» Work required: The expected response consists solely of the lines from the line with "750)], close=True, dxfattribs=at)" through the last line of the material below, copied exactly.

Top of Supplied records

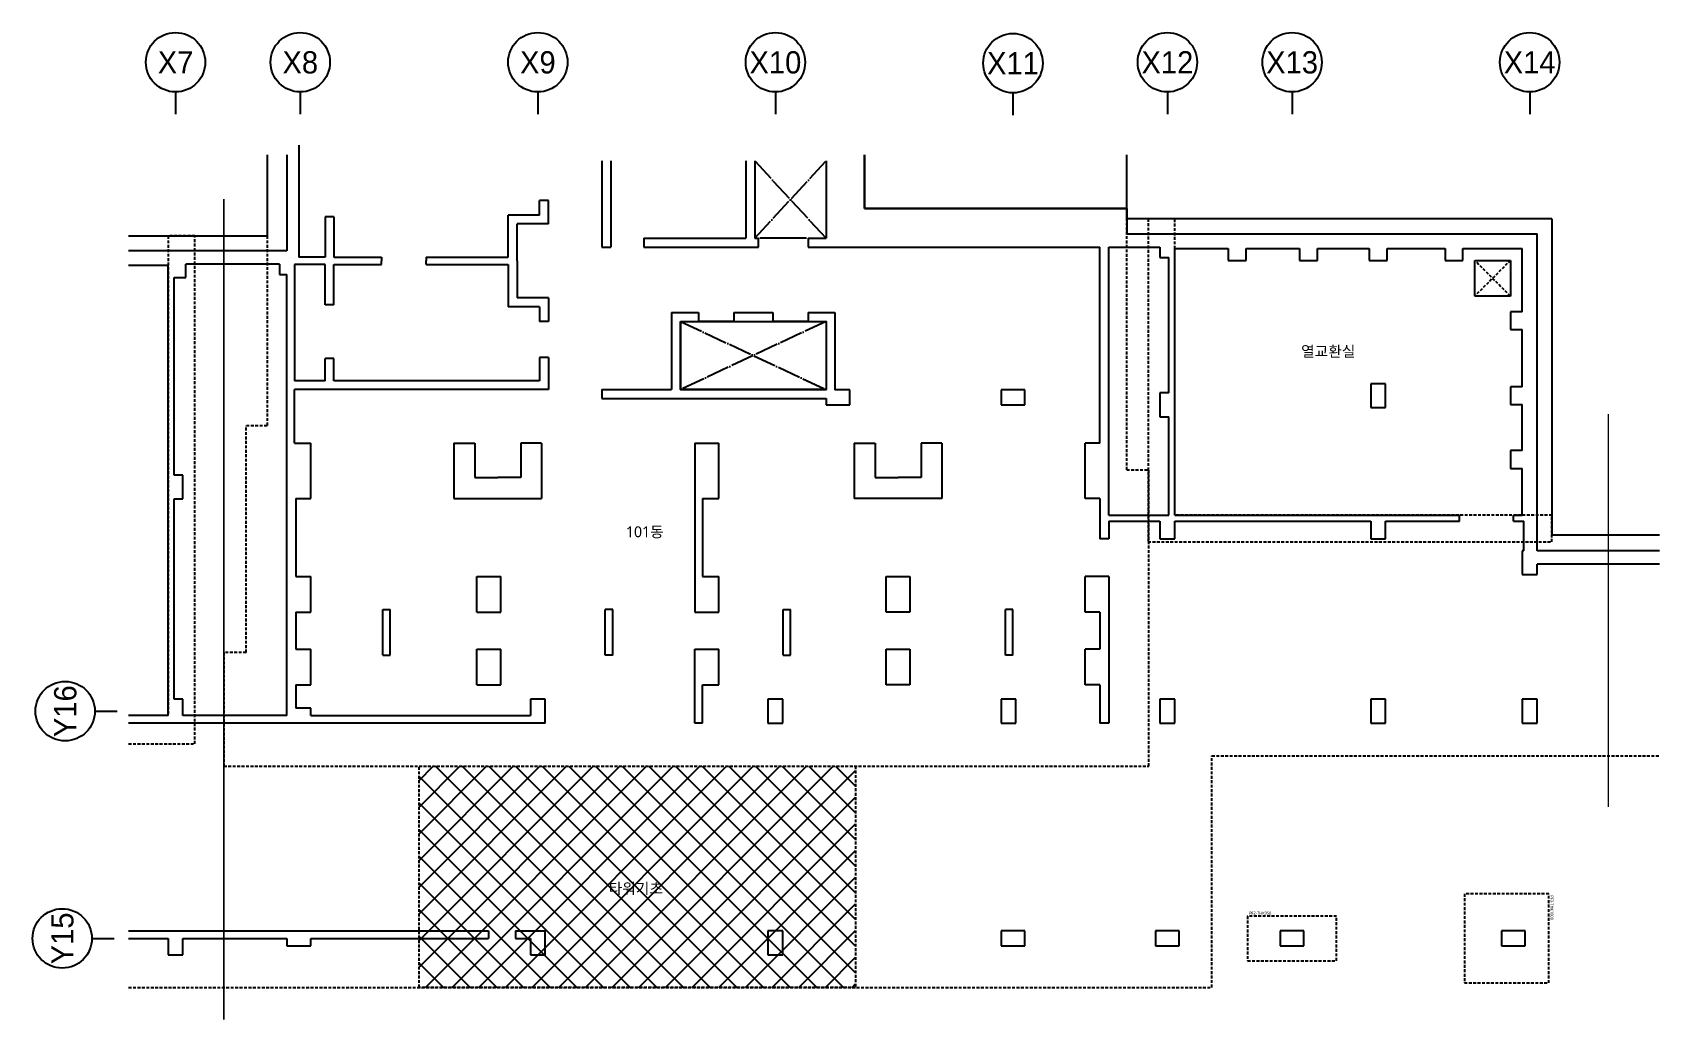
# Model space of a CAD drawing. Header units: millimetres. Extents: x 321717 to 696608, y -514806 to -16026.
# Drawn here: x 324197 to 378984, y -332073 to -298812 of the extents above; entities that cross this region are included whole.
import ezdxf
from ezdxf.enums import TextEntityAlignment as Align

# ---------------------------------------------------------------- set-up
doc = ezdxf.new("R2010")
doc.units = ezdxf.units.MM
doc.header["$LTSCALE"] = 65
doc.linetypes.add('XS-기초$0$DDOT', pattern=[14, 12, -1, 0, -1])
doc.linetypes.add('XS-기초$0$HID', pattern=[2.3, 1.5, -0.8])
for name, color, linetype in [('BUB', 7, 'Continuous'), ('XS-기초$0$EL7', 7, 'Continuous'), ('XS-기초$0$MAT', 3, 'XS-기초$0$HID'), ('XS-기초$0$OPEN', 9, 'XS-기초$0$DDOT'), ('XS-기초$0$PILE-P', 4, 'XS-기초$0$HID'), ('XS-기초$0$WALL', 11, 'Continuous'), ('XS-기초$0$기초꺽임', 4, 'XS-기초$0$HID'), ('XS-기초$0$기초연단', 3, 'Continuous'), ('XS-기초$0$집수정', 21, 'Continuous'), ('XS-기초$0$하부보강', 7, 'XS-기초$0$HID'), ('기초꺽임', 7, 'Continuous')]:
    doc.layers.add(name, color=color, linetype=linetype)
doc.layers.add('TEXT', color=3, linetype='Continuous', lineweight=9)
doc.layers.add('XTITLE', color=22, linetype='Continuous', lineweight=0)
doc.layers.add('XS-기초$0$DEFPOINT', color=144, linetype='Continuous', plot=False)
doc.styles.add('XS-기초$0$맑은고딕', font='malgun_0.ttf')
doc.styles.add('돋움', font='malgun_0.ttf')
doc.styles.add('돋음', font='Dotum.ttf')

# ---------------------------------------------------------------- blocks, each defined once
blk = doc.blocks.new('XS-기초$0$PF3')
at = {"layer": 'XS-기초$0$MAT', "linetype": 'XS-기초$0$HID'}
blk.add_lwpolyline([(-1500, -1650), (1500, -1650), (1500, 1200), (-1500, 1200)], close=True, dxfattribs=at)
at = {"layer": 'XS-기초$0$DEFPOINT', "color": 1, "style": 'XS-기초$0$맑은고딕'}
blk.add_text('PF3-THK1000', height=100, dxfattribs=at).set_placement((-1450, 1300), align=Align.MIDDLE_LEFT)
blk = doc.blocks.new('XS-기초$0$PF2')
at = {"layer": 'XS-기초$0$MAT', "linetype": 'XS-기초$0$HID'}
blk.add_lwpolyline([(-1500, -750), (1500, -750), (1500, 750), (-1500, 750)], close=True, dxfattribs=at)
at = {"layer": 'XS-기초$0$DEFPOINT', "color": 1, "style": 'XS-기초$0$맑은고딕'}
blk.add_text('PF2-THK950', height=100, dxfattribs=at).set_placement((-1450, 850), align=Align.MIDDLE_LEFT)
blk = doc.blocks.new('XS-기초$0$집수정-1.2x1.2')
at = {"layer": 'XS-기초$0$집수정'}
for p, q in [((0, 0), (0, 1200)), ((0, 1200), (1200, 1200)), ((1200, 1200), (1200, 0)), ((1200, 0), (0, 0))]:
    blk.add_line(p, q, dxfattribs=at)
at = {"layer": 'XS-기초$0$집수정', "linetype": 'XS-기초$0$HID'}
for p, q in [((0, 0), (1200, 1200)), ((0, 1200), (1200, 0))]:
    blk.add_line(p, q, dxfattribs=at)
blk = doc.blocks.new('BUB')
at = {"layer": 'BUB'}
blk.add_line((0, 1500), (0, 0), dxfattribs=at)
blk.add_circle((0, 3500), 2000, dxfattribs=at)

msp = doc.modelspace()

# ---------------------------------------------------------------- hatches: boundary and pattern name
at = {"layer": 'XS-기초$0$하부보강'}
h = msp.add_hatch(dxfattribs=at)
h.set_pattern_fill('ANSI37', color=8, scale=200)
h.set_pattern_definition([(45, (-130591.5, -256572.05), (-449.0128, 449.0128), []), (135, (-130591.5, -256572.05), (-449.0128, -449.0128), [])])
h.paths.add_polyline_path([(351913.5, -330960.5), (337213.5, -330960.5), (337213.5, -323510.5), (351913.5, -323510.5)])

Bottom of Supplied records

» Solution to this problem:
blk.add_lwpolyline([(-1500, -750), (1500, -750), (1500, 750), (-1500, 750)], close=True, dxfattribs=at)
at = {"layer": 'XS-기초$0$DEFPOINT', "color": 1, "style": 'XS-기초$0$맑은고딕'}
blk.add_text('PF2-THK950', height=100, dxfattribs=at).set_placement((-1450, 850), align=Align.MIDDLE_LEFT)
blk = doc.blocks.new('XS-기초$0$집수정-1.2x1.2')
at = {"layer": 'XS-기초$0$집수정'}
for p, q in [((0, 0), (0, 1200)), ((0, 1200), (1200, 1200)), ((1200, 1200), (1200, 0)), ((1200, 0), (0, 0))]:
    blk.add_line(p, q, dxfattribs=at)
at = {"layer": 'XS-기초$0$집수정', "linetype": 'XS-기초$0$HID'}
for p, q in [((0, 0), (1200, 1200)), ((0, 1200), (1200, 0))]:
    blk.add_line(p, q, dxfattribs=at)
blk = doc.blocks.new('BUB')
at = {"layer": 'BUB'}
blk.add_line((0, 1500), (0, 0), dxfattribs=at)
blk.add_circle((0, 3500), 2000, dxfattribs=at)

msp = doc.modelspace()

# ---------------------------------------------------------------- hatches: boundary and pattern name
at = {"layer": 'XS-기초$0$하부보강'}
h = msp.add_hatch(dxfattribs=at)
h.set_pattern_fill('ANSI37', color=8, scale=200)
h.set_pattern_definition([(45, (-130591.5, -256572.05), (-449.0128, 449.0128), []), (135, (-130591.5, -256572.05), (-449.0128, -449.0128), [])])
h.paths.add_polyline_path([(351913.5, -330960.5), (337213.5, -330960.5), (337213.5, -323510.5), (351913.5, -323510.5)])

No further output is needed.